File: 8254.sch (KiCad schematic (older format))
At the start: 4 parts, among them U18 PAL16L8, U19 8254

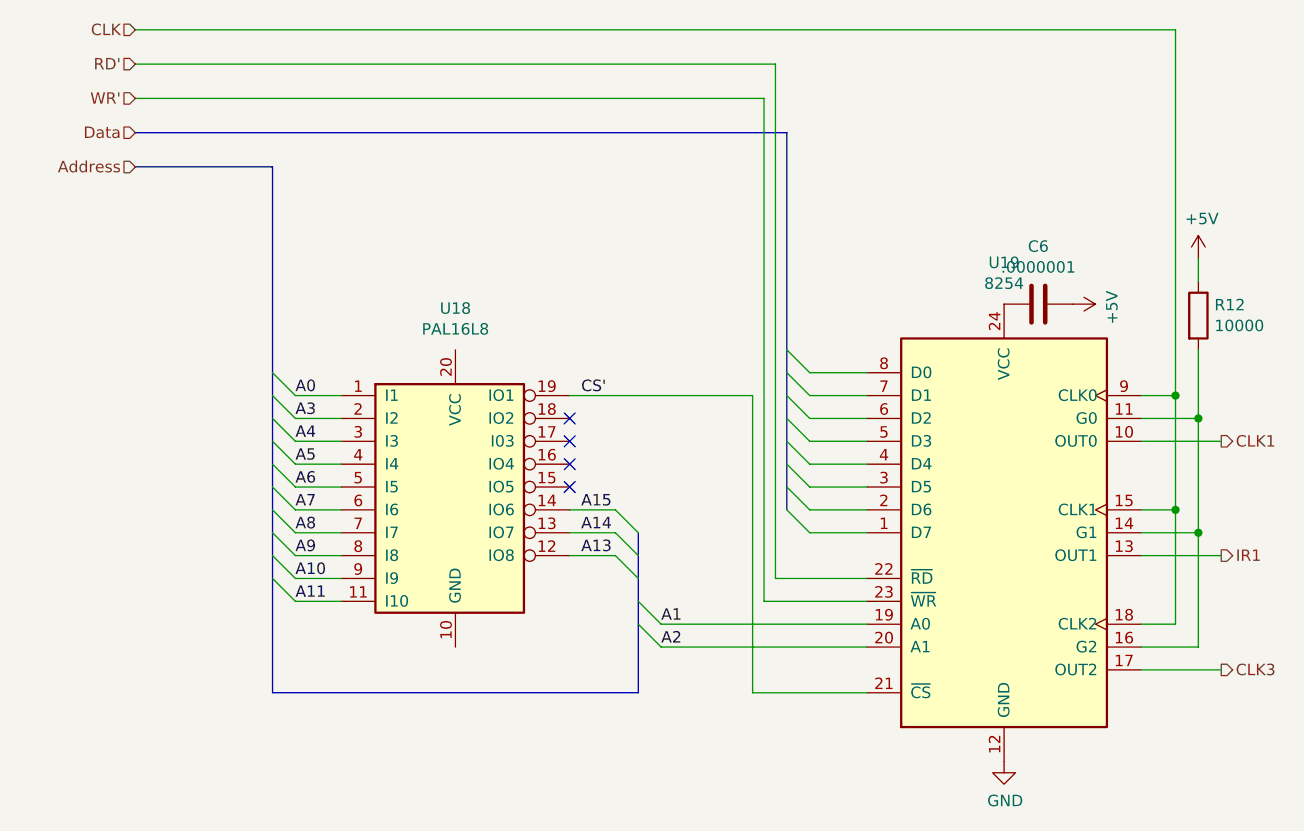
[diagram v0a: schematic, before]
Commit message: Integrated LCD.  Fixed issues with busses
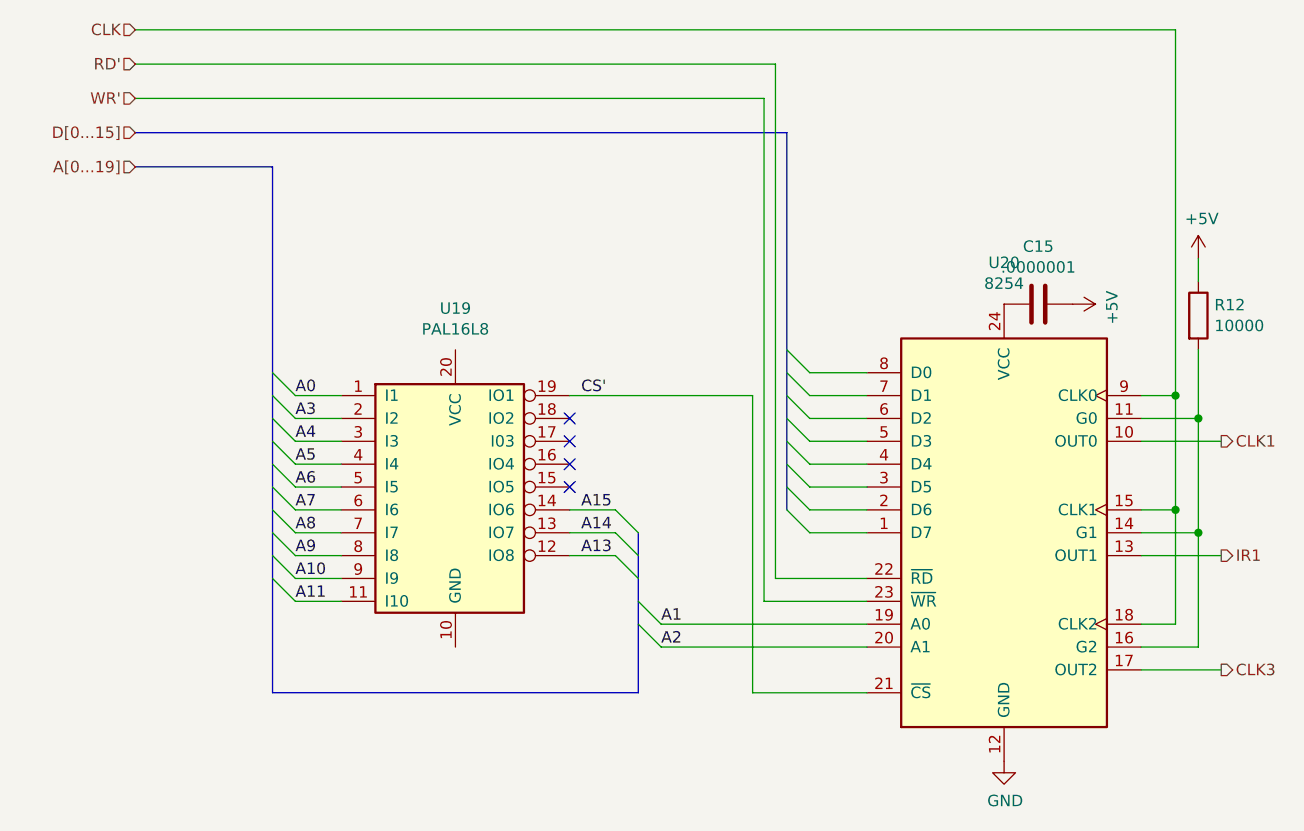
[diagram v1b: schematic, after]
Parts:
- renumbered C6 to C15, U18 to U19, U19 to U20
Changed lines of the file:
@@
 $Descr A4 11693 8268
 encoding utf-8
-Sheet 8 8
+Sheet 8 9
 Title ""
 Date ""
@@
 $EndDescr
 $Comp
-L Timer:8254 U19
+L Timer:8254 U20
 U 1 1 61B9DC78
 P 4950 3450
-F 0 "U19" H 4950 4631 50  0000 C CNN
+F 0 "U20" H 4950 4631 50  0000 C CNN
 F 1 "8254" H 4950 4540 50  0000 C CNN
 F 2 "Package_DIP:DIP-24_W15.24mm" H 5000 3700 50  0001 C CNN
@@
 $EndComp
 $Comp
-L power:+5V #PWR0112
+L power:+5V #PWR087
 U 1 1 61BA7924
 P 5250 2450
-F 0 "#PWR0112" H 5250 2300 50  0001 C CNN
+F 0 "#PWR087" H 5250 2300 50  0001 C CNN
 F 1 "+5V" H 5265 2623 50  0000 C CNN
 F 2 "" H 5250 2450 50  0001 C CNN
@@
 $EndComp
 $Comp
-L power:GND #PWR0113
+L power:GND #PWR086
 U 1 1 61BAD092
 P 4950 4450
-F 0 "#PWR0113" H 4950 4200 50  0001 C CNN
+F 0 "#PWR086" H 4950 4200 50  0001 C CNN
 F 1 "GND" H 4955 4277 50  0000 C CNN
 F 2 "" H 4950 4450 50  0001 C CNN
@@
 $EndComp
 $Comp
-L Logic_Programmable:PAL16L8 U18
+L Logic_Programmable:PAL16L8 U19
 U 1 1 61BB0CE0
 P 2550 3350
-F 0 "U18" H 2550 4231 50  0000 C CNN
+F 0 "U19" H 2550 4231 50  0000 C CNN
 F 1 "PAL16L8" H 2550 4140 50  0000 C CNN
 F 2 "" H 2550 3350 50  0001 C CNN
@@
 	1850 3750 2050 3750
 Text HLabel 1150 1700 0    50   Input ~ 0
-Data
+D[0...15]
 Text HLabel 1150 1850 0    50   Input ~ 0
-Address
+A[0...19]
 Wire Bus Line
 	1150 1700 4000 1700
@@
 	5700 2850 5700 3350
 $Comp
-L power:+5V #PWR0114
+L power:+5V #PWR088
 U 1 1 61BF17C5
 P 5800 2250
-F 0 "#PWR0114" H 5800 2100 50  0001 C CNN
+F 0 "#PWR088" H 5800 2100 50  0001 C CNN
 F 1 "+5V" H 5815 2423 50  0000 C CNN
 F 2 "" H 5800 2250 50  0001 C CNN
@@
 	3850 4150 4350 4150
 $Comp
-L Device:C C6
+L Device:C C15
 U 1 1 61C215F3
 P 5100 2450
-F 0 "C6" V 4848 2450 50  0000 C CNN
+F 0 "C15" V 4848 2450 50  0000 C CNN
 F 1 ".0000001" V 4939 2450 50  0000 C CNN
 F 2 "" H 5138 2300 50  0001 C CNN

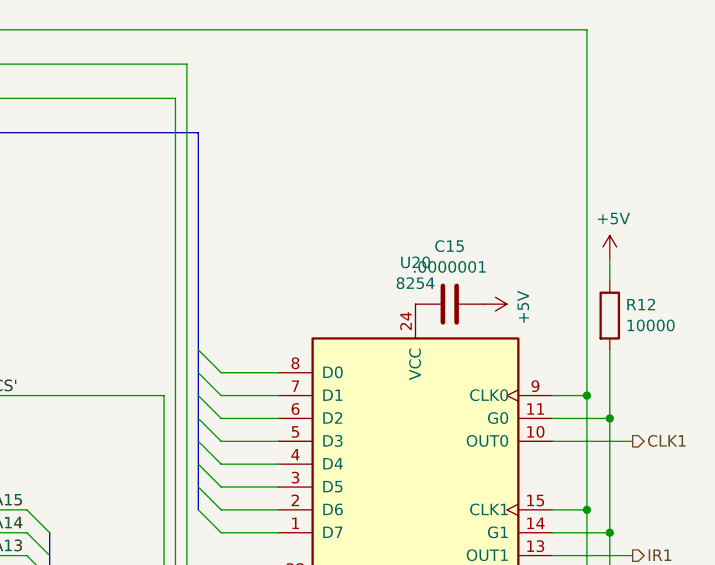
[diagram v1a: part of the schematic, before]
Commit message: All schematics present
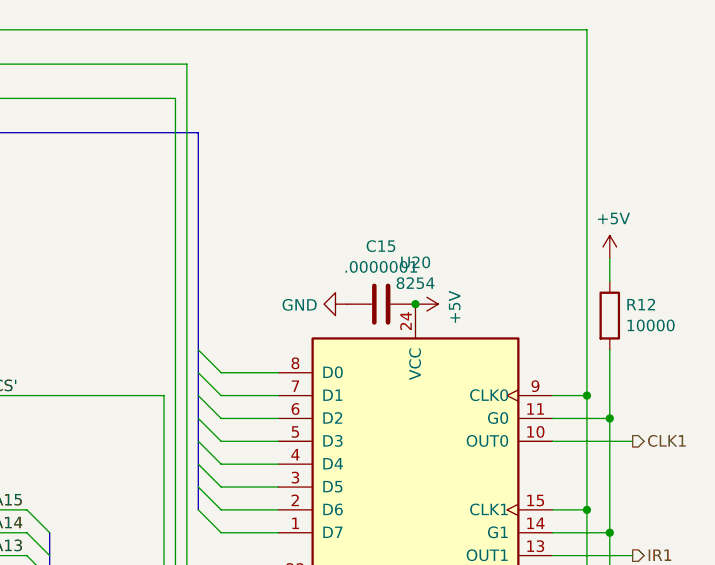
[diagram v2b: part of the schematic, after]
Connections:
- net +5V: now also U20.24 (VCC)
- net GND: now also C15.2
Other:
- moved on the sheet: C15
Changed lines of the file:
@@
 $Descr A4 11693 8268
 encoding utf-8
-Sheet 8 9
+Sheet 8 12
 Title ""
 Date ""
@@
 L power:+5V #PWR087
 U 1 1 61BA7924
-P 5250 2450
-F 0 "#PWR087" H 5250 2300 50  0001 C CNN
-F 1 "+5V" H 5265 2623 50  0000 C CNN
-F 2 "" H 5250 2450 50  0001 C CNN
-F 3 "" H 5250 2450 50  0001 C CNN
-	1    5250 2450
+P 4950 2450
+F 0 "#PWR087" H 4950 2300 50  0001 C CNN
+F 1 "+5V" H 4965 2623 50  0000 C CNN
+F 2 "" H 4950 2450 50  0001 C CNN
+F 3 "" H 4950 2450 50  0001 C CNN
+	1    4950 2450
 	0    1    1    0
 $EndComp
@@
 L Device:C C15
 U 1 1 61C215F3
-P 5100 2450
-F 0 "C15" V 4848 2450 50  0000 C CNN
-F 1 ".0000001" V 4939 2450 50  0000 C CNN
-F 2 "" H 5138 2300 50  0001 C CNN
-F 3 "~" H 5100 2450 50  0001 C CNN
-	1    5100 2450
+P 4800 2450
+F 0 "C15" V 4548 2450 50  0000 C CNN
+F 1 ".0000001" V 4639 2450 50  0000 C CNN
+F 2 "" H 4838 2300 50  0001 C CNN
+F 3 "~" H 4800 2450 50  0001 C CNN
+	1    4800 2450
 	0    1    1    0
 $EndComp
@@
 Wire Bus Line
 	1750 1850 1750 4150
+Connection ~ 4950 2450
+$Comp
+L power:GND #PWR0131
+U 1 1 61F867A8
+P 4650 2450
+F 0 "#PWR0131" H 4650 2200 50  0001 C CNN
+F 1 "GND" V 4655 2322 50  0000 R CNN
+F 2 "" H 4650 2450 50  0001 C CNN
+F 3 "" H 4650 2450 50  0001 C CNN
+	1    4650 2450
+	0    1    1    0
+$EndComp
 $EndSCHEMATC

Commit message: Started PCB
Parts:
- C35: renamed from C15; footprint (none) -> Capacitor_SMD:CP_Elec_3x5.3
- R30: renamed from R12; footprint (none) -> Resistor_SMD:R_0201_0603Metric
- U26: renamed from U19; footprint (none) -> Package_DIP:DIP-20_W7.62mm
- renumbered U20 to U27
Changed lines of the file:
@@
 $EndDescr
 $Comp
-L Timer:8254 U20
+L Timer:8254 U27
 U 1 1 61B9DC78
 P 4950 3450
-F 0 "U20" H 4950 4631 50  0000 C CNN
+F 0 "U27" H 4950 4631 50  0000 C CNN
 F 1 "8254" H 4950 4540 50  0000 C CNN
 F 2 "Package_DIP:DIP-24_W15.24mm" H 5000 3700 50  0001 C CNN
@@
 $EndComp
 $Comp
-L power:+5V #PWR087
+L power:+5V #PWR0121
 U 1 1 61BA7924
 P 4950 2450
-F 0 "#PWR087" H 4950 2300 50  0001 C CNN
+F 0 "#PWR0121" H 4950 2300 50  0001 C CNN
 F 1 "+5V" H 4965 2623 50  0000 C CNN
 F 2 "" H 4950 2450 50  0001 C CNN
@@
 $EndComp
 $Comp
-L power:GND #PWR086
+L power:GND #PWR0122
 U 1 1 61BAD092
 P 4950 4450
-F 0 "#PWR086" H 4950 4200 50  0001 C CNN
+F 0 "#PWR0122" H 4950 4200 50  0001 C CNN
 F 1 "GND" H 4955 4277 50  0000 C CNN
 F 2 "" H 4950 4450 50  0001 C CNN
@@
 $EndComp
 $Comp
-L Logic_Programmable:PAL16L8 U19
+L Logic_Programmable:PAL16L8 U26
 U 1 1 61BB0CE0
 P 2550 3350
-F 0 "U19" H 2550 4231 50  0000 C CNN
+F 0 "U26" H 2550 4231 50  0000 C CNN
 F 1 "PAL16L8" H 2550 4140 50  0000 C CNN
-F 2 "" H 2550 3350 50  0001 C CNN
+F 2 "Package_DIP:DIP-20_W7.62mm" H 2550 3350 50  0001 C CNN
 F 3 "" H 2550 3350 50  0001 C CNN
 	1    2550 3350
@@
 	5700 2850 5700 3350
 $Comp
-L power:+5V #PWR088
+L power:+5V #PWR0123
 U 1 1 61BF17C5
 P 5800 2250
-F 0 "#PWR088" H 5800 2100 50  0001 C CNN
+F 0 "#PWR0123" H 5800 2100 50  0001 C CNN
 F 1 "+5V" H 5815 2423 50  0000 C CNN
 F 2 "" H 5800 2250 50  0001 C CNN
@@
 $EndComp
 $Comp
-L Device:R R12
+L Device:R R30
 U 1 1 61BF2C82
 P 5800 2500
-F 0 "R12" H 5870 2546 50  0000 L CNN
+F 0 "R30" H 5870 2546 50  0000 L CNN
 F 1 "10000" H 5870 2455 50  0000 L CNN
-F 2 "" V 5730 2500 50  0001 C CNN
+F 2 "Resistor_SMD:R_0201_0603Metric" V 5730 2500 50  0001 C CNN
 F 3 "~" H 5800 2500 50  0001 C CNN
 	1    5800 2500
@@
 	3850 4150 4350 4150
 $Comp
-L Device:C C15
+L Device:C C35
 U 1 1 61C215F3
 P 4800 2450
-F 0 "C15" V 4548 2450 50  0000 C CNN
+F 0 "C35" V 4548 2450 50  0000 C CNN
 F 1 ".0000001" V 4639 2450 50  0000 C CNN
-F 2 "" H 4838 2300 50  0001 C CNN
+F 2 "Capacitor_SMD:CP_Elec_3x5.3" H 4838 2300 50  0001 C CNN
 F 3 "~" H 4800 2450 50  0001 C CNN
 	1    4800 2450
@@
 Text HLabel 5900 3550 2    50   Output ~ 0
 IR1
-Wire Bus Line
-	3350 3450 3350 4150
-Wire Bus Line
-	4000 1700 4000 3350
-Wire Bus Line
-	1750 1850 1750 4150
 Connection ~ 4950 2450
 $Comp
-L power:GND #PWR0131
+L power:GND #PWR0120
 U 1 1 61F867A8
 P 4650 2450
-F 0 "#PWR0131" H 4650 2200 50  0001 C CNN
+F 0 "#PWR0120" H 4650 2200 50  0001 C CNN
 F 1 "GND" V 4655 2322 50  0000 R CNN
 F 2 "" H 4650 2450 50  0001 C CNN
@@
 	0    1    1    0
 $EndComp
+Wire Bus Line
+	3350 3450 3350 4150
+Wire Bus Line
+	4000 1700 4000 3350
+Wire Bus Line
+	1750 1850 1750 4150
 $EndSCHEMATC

☆ ☆ ☆ ☆ ☆

→ **What is expected**:
From the listing above, find the number of lines with the word "Input" in them. Answer with the number only.

→ **Worked solution**:
2